━━━━━ Listed entries ━━━━━
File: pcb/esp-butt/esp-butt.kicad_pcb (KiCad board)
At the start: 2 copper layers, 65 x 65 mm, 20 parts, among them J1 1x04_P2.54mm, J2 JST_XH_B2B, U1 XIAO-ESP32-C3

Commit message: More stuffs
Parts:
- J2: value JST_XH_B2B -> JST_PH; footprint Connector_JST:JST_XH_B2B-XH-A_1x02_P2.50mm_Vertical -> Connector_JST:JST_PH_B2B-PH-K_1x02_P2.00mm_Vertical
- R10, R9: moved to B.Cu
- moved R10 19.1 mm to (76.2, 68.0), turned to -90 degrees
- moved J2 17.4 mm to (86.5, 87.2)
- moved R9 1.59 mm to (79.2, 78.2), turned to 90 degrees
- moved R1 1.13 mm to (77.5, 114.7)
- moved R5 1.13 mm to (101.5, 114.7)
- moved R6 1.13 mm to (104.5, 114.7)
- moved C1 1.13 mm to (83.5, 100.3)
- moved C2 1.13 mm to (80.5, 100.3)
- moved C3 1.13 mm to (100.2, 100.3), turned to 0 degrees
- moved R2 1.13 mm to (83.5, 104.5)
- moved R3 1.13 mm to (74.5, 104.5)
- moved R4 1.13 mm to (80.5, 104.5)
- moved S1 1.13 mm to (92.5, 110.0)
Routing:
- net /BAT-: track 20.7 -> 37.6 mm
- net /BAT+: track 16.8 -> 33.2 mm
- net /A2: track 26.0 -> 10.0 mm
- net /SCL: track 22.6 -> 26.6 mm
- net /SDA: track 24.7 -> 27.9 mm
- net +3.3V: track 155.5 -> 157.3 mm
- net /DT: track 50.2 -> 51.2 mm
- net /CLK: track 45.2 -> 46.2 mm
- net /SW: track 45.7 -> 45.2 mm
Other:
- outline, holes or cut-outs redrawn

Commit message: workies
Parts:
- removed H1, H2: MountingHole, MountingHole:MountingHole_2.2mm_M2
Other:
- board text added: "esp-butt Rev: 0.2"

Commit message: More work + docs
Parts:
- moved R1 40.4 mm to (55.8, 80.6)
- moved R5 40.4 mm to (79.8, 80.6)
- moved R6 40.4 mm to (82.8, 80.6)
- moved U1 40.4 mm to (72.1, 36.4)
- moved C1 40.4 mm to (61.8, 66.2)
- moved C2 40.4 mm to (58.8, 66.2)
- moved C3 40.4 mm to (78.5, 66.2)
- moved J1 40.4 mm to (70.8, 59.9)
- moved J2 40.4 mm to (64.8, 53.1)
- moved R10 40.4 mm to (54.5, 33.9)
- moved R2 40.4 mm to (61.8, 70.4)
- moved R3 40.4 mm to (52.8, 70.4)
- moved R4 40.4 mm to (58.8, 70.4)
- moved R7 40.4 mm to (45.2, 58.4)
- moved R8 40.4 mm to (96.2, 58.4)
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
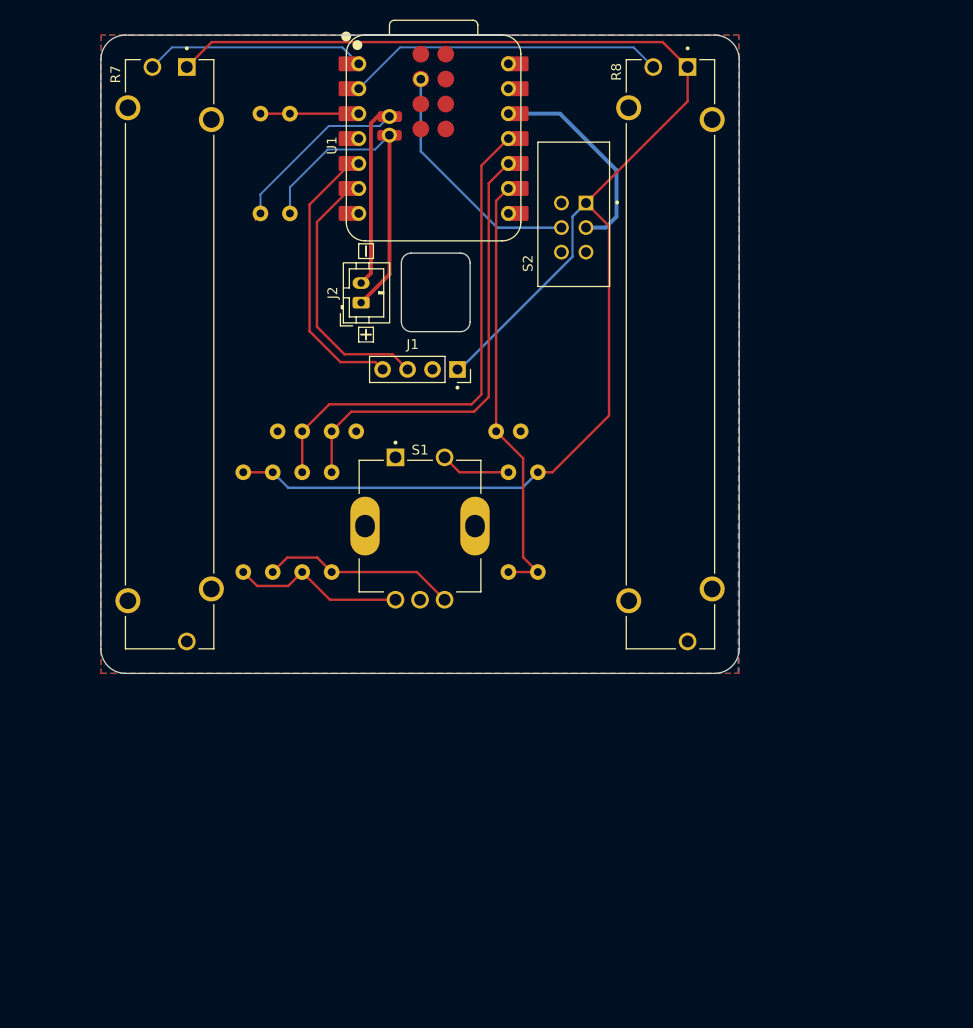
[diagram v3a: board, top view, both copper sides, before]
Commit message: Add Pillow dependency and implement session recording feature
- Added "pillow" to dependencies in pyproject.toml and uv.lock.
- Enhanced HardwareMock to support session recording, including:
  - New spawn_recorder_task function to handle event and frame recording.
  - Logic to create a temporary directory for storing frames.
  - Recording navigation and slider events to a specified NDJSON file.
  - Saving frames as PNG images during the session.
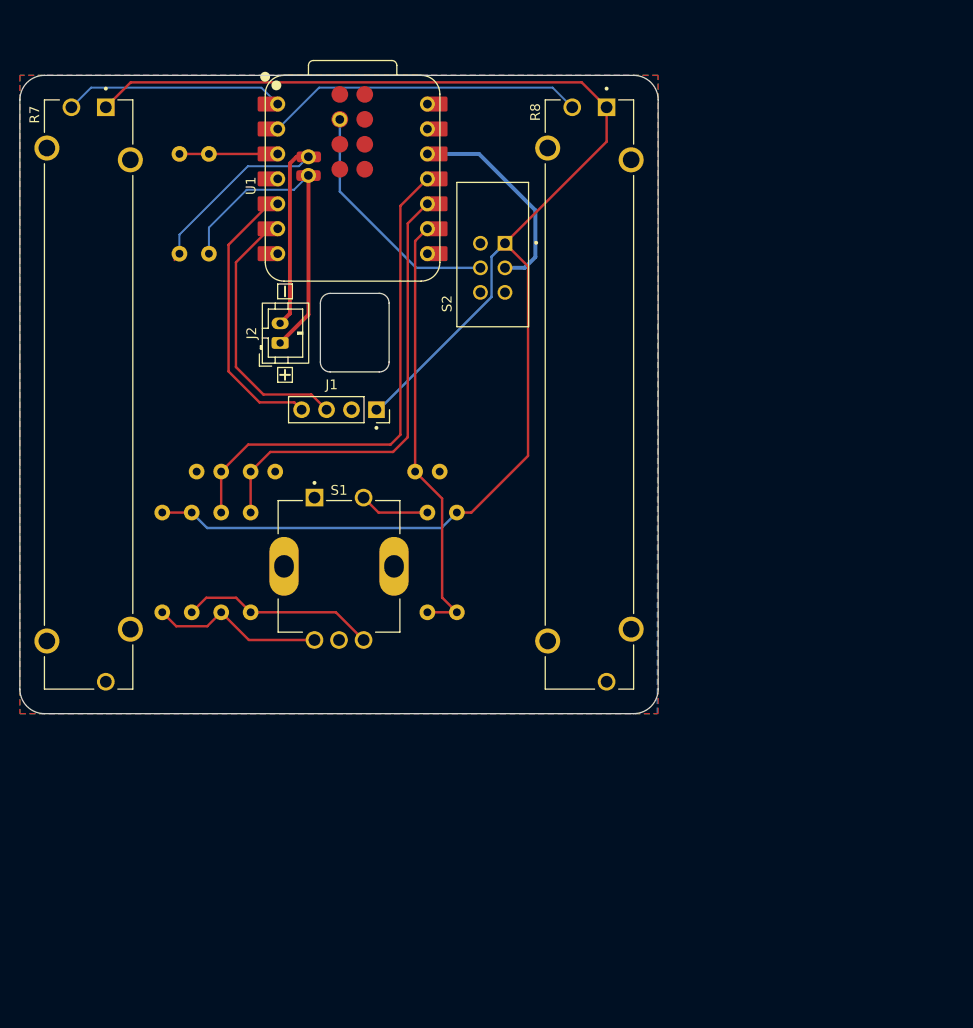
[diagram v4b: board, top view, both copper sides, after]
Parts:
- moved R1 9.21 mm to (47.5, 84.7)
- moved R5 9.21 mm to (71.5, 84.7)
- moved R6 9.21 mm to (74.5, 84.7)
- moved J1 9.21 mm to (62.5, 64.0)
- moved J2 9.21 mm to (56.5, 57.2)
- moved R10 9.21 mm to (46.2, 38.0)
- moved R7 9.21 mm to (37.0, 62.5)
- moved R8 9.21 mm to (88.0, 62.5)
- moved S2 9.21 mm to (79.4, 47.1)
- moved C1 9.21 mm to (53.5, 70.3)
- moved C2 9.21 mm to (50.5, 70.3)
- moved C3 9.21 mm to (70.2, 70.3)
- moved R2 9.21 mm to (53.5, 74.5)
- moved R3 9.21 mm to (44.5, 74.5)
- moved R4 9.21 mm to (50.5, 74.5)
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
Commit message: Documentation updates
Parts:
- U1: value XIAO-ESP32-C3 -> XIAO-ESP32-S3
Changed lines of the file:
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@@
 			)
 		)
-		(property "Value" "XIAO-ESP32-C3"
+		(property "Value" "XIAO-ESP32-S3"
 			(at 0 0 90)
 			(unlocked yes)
━━━━━
Requirement: Output the listing exactly, without images.

Task output:
File: pcb/esp-butt/esp-butt.kicad_pcb (KiCad board)
At the start: 2 copper layers, 65 x 65 mm, 20 parts, among them J1 1x04_P2.54mm, J2 JST_XH_B2B, U1 XIAO-ESP32-C3

Commit message: More stuffs
Parts:
- J2: value JST_XH_B2B -> JST_PH; footprint Connector_JST:JST_XH_B2B-XH-A_1x02_P2.50mm_Vertical -> Connector_JST:JST_PH_B2B-PH-K_1x02_P2.00mm_Vertical
- R10, R9: moved to B.Cu
- moved R10 19.1 mm to (76.2, 68.0), turned to -90 degrees
- moved J2 17.4 mm to (86.5, 87.2)
- moved R9 1.59 mm to (79.2, 78.2), turned to 90 degrees
- moved R1 1.13 mm to (77.5, 114.7)
- moved R5 1.13 mm to (101.5, 114.7)
- moved R6 1.13 mm to (104.5, 114.7)
- moved C1 1.13 mm to (83.5, 100.3)
- moved C2 1.13 mm to (80.5, 100.3)
- moved C3 1.13 mm to (100.2, 100.3), turned to 0 degrees
- moved R2 1.13 mm to (83.5, 104.5)
- moved R3 1.13 mm to (74.5, 104.5)
- moved R4 1.13 mm to (80.5, 104.5)
- moved S1 1.13 mm to (92.5, 110.0)
Routing:
- net /BAT-: track 20.7 -> 37.6 mm
- net /BAT+: track 16.8 -> 33.2 mm
- net /A2: track 26.0 -> 10.0 mm
- net /SCL: track 22.6 -> 26.6 mm
- net /SDA: track 24.7 -> 27.9 mm
- net +3.3V: track 155.5 -> 157.3 mm
- net /DT: track 50.2 -> 51.2 mm
- net /CLK: track 45.2 -> 46.2 mm
- net /SW: track 45.7 -> 45.2 mm
Other:
- outline, holes or cut-outs redrawn

Commit message: workies
Parts:
- removed H1, H2: MountingHole, MountingHole:MountingHole_2.2mm_M2
Other:
- board text added: "esp-butt Rev: 0.2"

Commit message: More work + docs
Parts:
- moved R1 40.4 mm to (55.8, 80.6)
- moved R5 40.4 mm to (79.8, 80.6)
- moved R6 40.4 mm to (82.8, 80.6)
- moved U1 40.4 mm to (72.1, 36.4)
- moved C1 40.4 mm to (61.8, 66.2)
- moved C2 40.4 mm to (58.8, 66.2)
- moved C3 40.4 mm to (78.5, 66.2)
- moved J1 40.4 mm to (70.8, 59.9)
- moved J2 40.4 mm to (64.8, 53.1)
- moved R10 40.4 mm to (54.5, 33.9)
- moved R2 40.4 mm to (61.8, 70.4)
- moved R3 40.4 mm to (52.8, 70.4)
- moved R4 40.4 mm to (58.8, 70.4)
- moved R7 40.4 mm to (45.2, 58.4)
- moved R8 40.4 mm to (96.2, 58.4)

[diagram v3a: board, top view, both copper sides, before]
Commit message: Add Pillow dependency and implement session recording feature
- Added "pillow" to dependencies in pyproject.toml and uv.lock.
- Enhanced HardwareMock to support session recording, including:
  - New spawn_recorder_task function to handle event and frame recording.
  - Logic to create a temporary directory for storing frames.
  - Recording navigation and slider events to a specified NDJSON file.
  - Saving frames as PNG images during the session.
[diagram v4b: board, top view, both copper sides, after]
Parts:
- moved R1 9.21 mm to (47.5, 84.7)
- moved R5 9.21 mm to (71.5, 84.7)
- moved R6 9.21 mm to (74.5, 84.7)
- moved J1 9.21 mm to (62.5, 64.0)
- moved J2 9.21 mm to (56.5, 57.2)
- moved R10 9.21 mm to (46.2, 38.0)
- moved R7 9.21 mm to (37.0, 62.5)
- moved R8 9.21 mm to (88.0, 62.5)
- moved S2 9.21 mm to (79.4, 47.1)
- moved C1 9.21 mm to (53.5, 70.3)
- moved C2 9.21 mm to (50.5, 70.3)
- moved C3 9.21 mm to (70.2, 70.3)
- moved R2 9.21 mm to (53.5, 74.5)
- moved R3 9.21 mm to (44.5, 74.5)
- moved R4 9.21 mm to (50.5, 74.5)

Commit message: Documentation updates
Parts:
- U1: value XIAO-ESP32-C3 -> XIAO-ESP32-S3
Changed lines of the file:
@@
 			)
 		)
-		(property "Value" "XIAO-ESP32-C3"
+		(property "Value" "XIAO-ESP32-S3"
 			(at 0 0 90)
 			(unlocked yes)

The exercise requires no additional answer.